Não quis ser mais uma nesse universo de nove milhões repetindo e analisando a Semana como um evento de arte, sim num prisma de comunicação na web.

Deixei de lado vontade de me transportar há 100 anos e fazer conjeturas sobre o desejo de ruptura daqueles jovens poetas, escritores, artistas rebeldes e incorporei a comunicação no mundo atual e a linguagem da arte como transgressora.

Anita Malfatti, Graça Aranha,  Mário e Oswald de Andrade, Menoti Del Picchia, Vitor Brecheret,Guilherme de Almeida, Sérgio Milliet, Heitor Villa-Lobos,Tácito de Almeida, Di Cavalcanti, Agenor Fernandes Barbosa, estarão sempre entre nós. Num clique no mouse ou toque com o dedo estaremos vivendo e sentido de perto suas ideias, assim como suas obras em jpg, pequenas, grandes, em 360 graus…..

 

Kim Fielding - Bodybag, Imagem fotográfica sobre superfície iluminada
Praia do Flamengo 1938. Brunon Lechoviski

A contemporaneidade na arte me empolga e sua linguagem vinculada ao ‘espírito do tempo’ sempre traz conteúdos novos apesar dos inúmeros resultados na internet sobre um mesmo tema.

“Se o pintor Brunon Bronislaw Lechowsk (1887-1941), nascido em Varsóvia, Polônia, que viveu alguns anos no Paraná, tivesse conhecido a tecnologia virtual teria outra visão em relação aos seus ideais e provavelmente estaria navegando por diversos lugares do mundo com o @.com.

Lechowski era um visionário de sua época e quis mostrar ao mundo que era possível se libertar de um processo social engessado em princípios definidos pelas instituições. Viajou pelo mundo e permaneceu 16 anos no Brasil.

Para realizar seu objetivo de angariar fundos para criar a Casa Internacional do Artista precisou construir um equipamento expositivo para percorrer vários países e dar exemplos: uma tenda que poderia ser armada em praças, jardins e parques servindo de morada durante a viagem e com espaço para suas exposições.

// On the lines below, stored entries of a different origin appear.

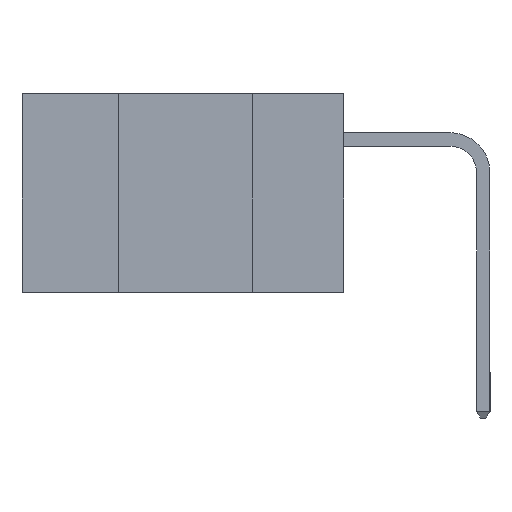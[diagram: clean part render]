
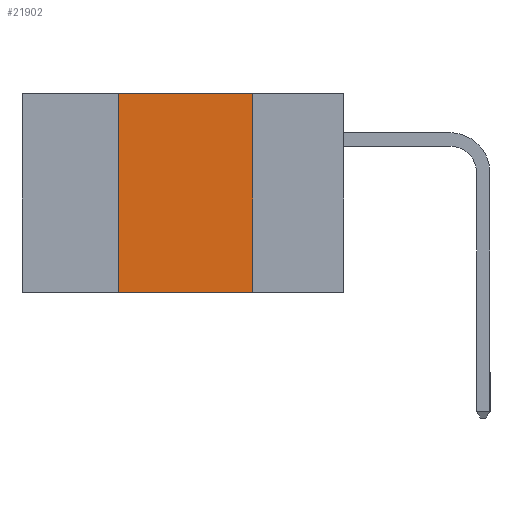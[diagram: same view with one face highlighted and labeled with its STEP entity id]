
A CAD part, left-side view. The second image highlights one B-rep face of the part: STEP entity #21902.
In plain terms, the highlighted planar face has unit normal (-1, 0, 0).
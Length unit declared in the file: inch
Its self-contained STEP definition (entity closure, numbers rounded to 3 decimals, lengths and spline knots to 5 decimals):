
#1069 = DIRECTION ( 'NONE',  ( 0., 0., -1. ) ) ;
#1751 = EDGE_CURVE ( 'NONE', #6768, #3488, #23904, .T. ) ;
#2631 = CARTESIAN_POINT ( 'NONE',  ( 0., 0.6, 0. ) ) ;
#2927 = CARTESIAN_POINT ( 'NONE',  ( 0., 0.17, 0. ) ) ;
#3488 = VERTEX_POINT ( 'NONE', #14872 ) ;
#3748 = CARTESIAN_POINT ( 'NONE',  ( 0., 0.6, 0. ) ) ;
#4635 = ORIENTED_EDGE ( 'NONE', *, *, #6507, .F. ) ;
#5574 = DIRECTION ( 'NONE',  ( 0., -1., 0. ) ) ;
#6045 = EDGE_CURVE ( 'NONE', #17258, #6768, #10166, .T. ) ;
#6507 = EDGE_CURVE ( 'NONE', #13160, #17258, #15784, .T. ) ;
#6768 = VERTEX_POINT ( 'NONE', #22319 ) ;
#7011 = VECTOR ( 'NONE', #5574, 39.37008 ) ;
#7684 = EDGE_LOOP ( 'NONE', ( #18026, #12245, #4635, #16009 ) ) ;
#9368 = DIRECTION ( 'NONE',  ( 0., -1., 0. ) ) ;
#10166 = LINE ( 'NONE', #3748, #7011 ) ;
#10602 = DIRECTION ( 'NONE',  ( 1., 0., 0. ) ) ;
#11435 = VECTOR ( 'NONE', #1069, 39.37008 ) ;
#11510 = DIRECTION ( 'NONE',  ( 0., 0., 1. ) ) ;
#12245 = ORIENTED_EDGE ( 'NONE', *, *, #6045, .F. ) ;
#12544 = EDGE_CURVE ( 'NONE', #13160, #3488, #25555, .T. ) ;
#12590 = DIRECTION ( 'NONE',  ( 0., 0., -1. ) ) ;
#12990 = VECTOR ( 'NONE', #11510, 39.37008 ) ;
#13160 = VERTEX_POINT ( 'NONE', #21731 ) ;
#14626 = PLANE ( 'NONE',  #24714 ) ;
#14872 = CARTESIAN_POINT ( 'NONE',  ( 0., 0.17, -0.37 ) ) ;
#15420 = CARTESIAN_POINT ( 'NONE',  ( 0., 0.42, 0. ) ) ;
#15784 = LINE ( 'NONE', #23435, #12990 ) ;
#16009 = ORIENTED_EDGE ( 'NONE', *, *, #12544, .T. ) ;
#17258 = VERTEX_POINT ( 'NONE', #15420 ) ;
#18026 = ORIENTED_EDGE ( 'NONE', *, *, #1751, .F. ) ;
#18369 = VECTOR ( 'NONE', #9368, 39.37008 ) ;
#21334 = CARTESIAN_POINT ( 'NONE',  ( 0., 0.6, -0.37 ) ) ;
#21731 = CARTESIAN_POINT ( 'NONE',  ( 0., 0.42, -0.37 ) ) ;
#21902 = ADVANCED_FACE ( 'NONE', ( #23294 ), #14626, .F. ) ;
#22319 = CARTESIAN_POINT ( 'NONE',  ( 0., 0.17, 0. ) ) ;
#23294 = FACE_OUTER_BOUND ( 'NONE', #7684, .T. ) ;
#23435 = CARTESIAN_POINT ( 'NONE',  ( 0., 0.42, 0. ) ) ;
#23904 = LINE ( 'NONE', #2927, #11435 ) ;
#24714 = AXIS2_PLACEMENT_3D ( 'NONE', #2631, #10602, #12590 ) ;
#25555 = LINE ( 'NONE', #21334, #18369 ) ;

A razão de citar Lechowski neste trabalho sobre o mundo online é de dimensionar as diferenças temporais no comportamento da humanidade. Hoje para o artista plástico o mouse e a tela do computador abrem as portas para um novo espaço. Um espaço em que a máquina e corpo vivem em simbiose, que faz o homem viver num outro nível de consciência, num território livre sem leis e sistemas culturais. Parte da pesquisa sobre internet e arte.

Atualmente as experiências em mídias digitais geralmente transformam artistas em pesquisadores realizando suas criações em laboratórios, impensáveis até tempo atrás. 

Criando em rede, conectado com outros artistas ou outras máquinas, o autor assiste como espectador, observador, ao nascimentos de sua própria arte”, Philadelpho Menezes. Signos Plurais.

 

O modernismo no Brasil propunha a valorização da origem popular de nossa cultura, o desenvolvimento de uma língua essencialmente nacional e a discussão dos conflitos sociais. 

Carnaval - Di Cavalcanti

Flávio de Carvalho foi um dos mais expressivos representantes do modernismo. O artista criou o CAM ( Clube dos Artistas Modernos), em 1932., dirigiu o Teatro de Experiência em pleno Estado Novo, uma época de rigor, censura e arbitrariedade contra os artistas.

Flávio de Carvalho desfilando no centro de São Paulo de saia, 1956

A inquietude dos jovens em 1922 foi sufocada pelo advento do Estado Novo 10 anos depois. Mais uma vez, neste momento da história brasileira a censura esteve presente. Primeiro a corte portuguesa ou igreja se revezaram na função fiscalizadora da produção artística. 

Cenas da vida brasileira. João Câmera - 1975

Na luta dos poderes constituídos pelo controle da arte dos artistas, muitos movimentos surgiram e a produção artística nunca parou na defesa da arte pela arte, da arte como linguagem social, da arte como identidade de um povo. 

A necessidade do livre-pensamento para artistas, filósofos e cientistas, é como o ar que eles respiram. Sem liberdade não vivem e por ela perdem até a vida.  Para chegar até aonde estamos foram necessárias boas doses de rebeldia por parte desse seleto grupo. 

Viva a liberdade na Arte! Viva o mundo virtual!